Copy all lines containing the string "extrude" from the records below.

====

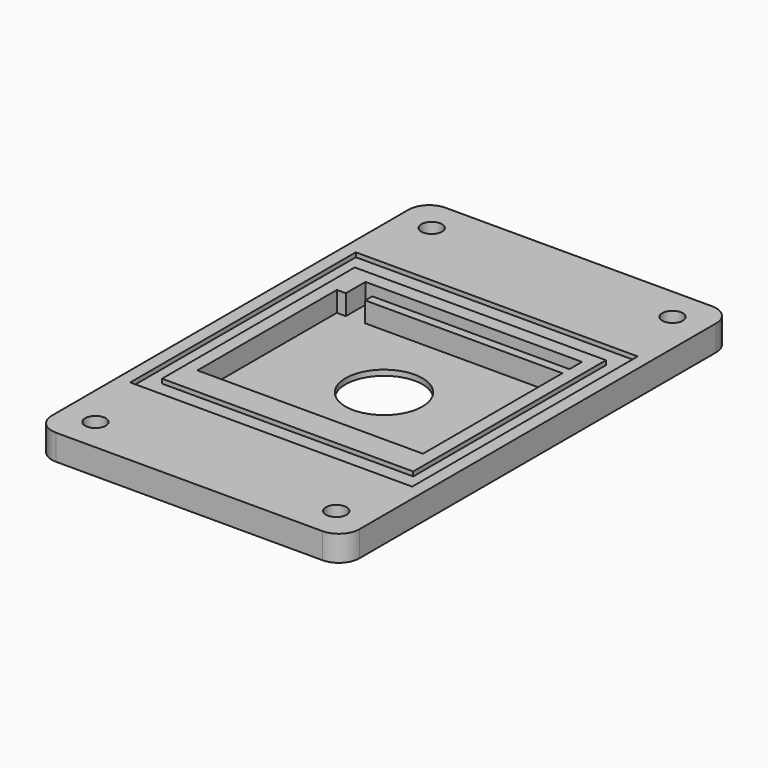
from build123d import *

# Parameters (mm, degrees)
F0_W     = 76.2
F0_H     = 120.65
F0_R     = 2.5527
F1_DEPTH = 6.35
F2_R     = 9.525
F3_DEPTH = 6.35
F2_W     = 55.88
F2_H     = 43.18
F4_DEPTH = 5
F5_R     = 5.08
F6_W     = 69.85
F6_H     = 69.85
F6_W_2   = 62.23
F6_H_2   = 59.69
F7_DEPTH = 1.08458
F9_DEPTH = 5


# Not quite as in the source:
# - a length typed as a fraction of an inch, garbled in the dataset ("3 / 203.2 mm" for 3/8 in), is restored


with BuildPart() as f1:
    # F0 (on Top) → F1 (new body)
    with BuildSketch(Plane.XY):
        Rectangle(F0_W, F0_H)
        with Locations((-29.8323, -52.0573)):
            Circle(F0_R, mode=Mode.SUBTRACT)
        with Locations((29.8323, -52.0573)):
            Circle(F0_R, mode=Mode.SUBTRACT)
        with Locations((-29.8323, 52.0573)):
            Circle(F0_R, mode=Mode.SUBTRACT)
        with Locations((29.8323, 52.0573)):
            Circle(F0_R, mode=Mode.SUBTRACT)
    extrude(amount=F1_DEPTH)

    # F2 (on face) → F3 (cut)
    with BuildSketch(Plane.XY.offset(6.35)):
        Circle(F2_R)
    extrude(amount=-F3_DEPTH, mode=Mode.SUBTRACT)

    # F2 (on face) → F4 (cut)
    with BuildSketch(Plane.XY.offset(6.35)):
        with Locations((0, -1.27)):
            Rectangle(F2_W, F2_H)
        Circle(F2_R, mode=Mode.SUBTRACT)
    extrude(amount=-F4_DEPTH, mode=Mode.SUBTRACT)

    # F5
    f5_edges = [f1.edges().sort_by_distance(p)[0] for p in [
        (38.1, -60.325, 3.175),
        (38.1, 60.325, 3.175),
        (-38.1, 60.325, 3.175),
        (-38.1, -60.325, 3.175),
    ]]
    fillet(f5_edges, radius=F5_R)

    # F6 (on face) → F7 (cut)
    with BuildSketch(Plane.XY.offset(6.35)):
        Rectangle(F6_W, F6_H)
        Rectangle(F6_W_2, F6_H_2, mode=Mode.SUBTRACT)
    extrude(amount=-F7_DEPTH, mode=Mode.SUBTRACT)

    # F8 (on face) → F9 (cut)
    with BuildSketch(Plane.XY.offset(6.35)):
        Polygon((-25.7090758532, 20.32), (-20.905200392, 20.32), (-20.905200392, 22.5038137287), (27.94, 22.5038137287), (27.94, 26.3926647604), (-25.7090758532, 26.3926647604), align=None)
    extrude(amount=-F9_DEPTH, mode=Mode.SUBTRACT)


solid = f1.part

====

OUTPUT OF THE TASK:
    extrude(amount=F1_DEPTH)
    extrude(amount=-F3_DEPTH, mode=Mode.SUBTRACT)
    extrude(amount=-F4_DEPTH, mode=Mode.SUBTRACT)
    extrude(amount=-F7_DEPTH, mode=Mode.SUBTRACT)
    extrude(amount=-F9_DEPTH, mode=Mode.SUBTRACT)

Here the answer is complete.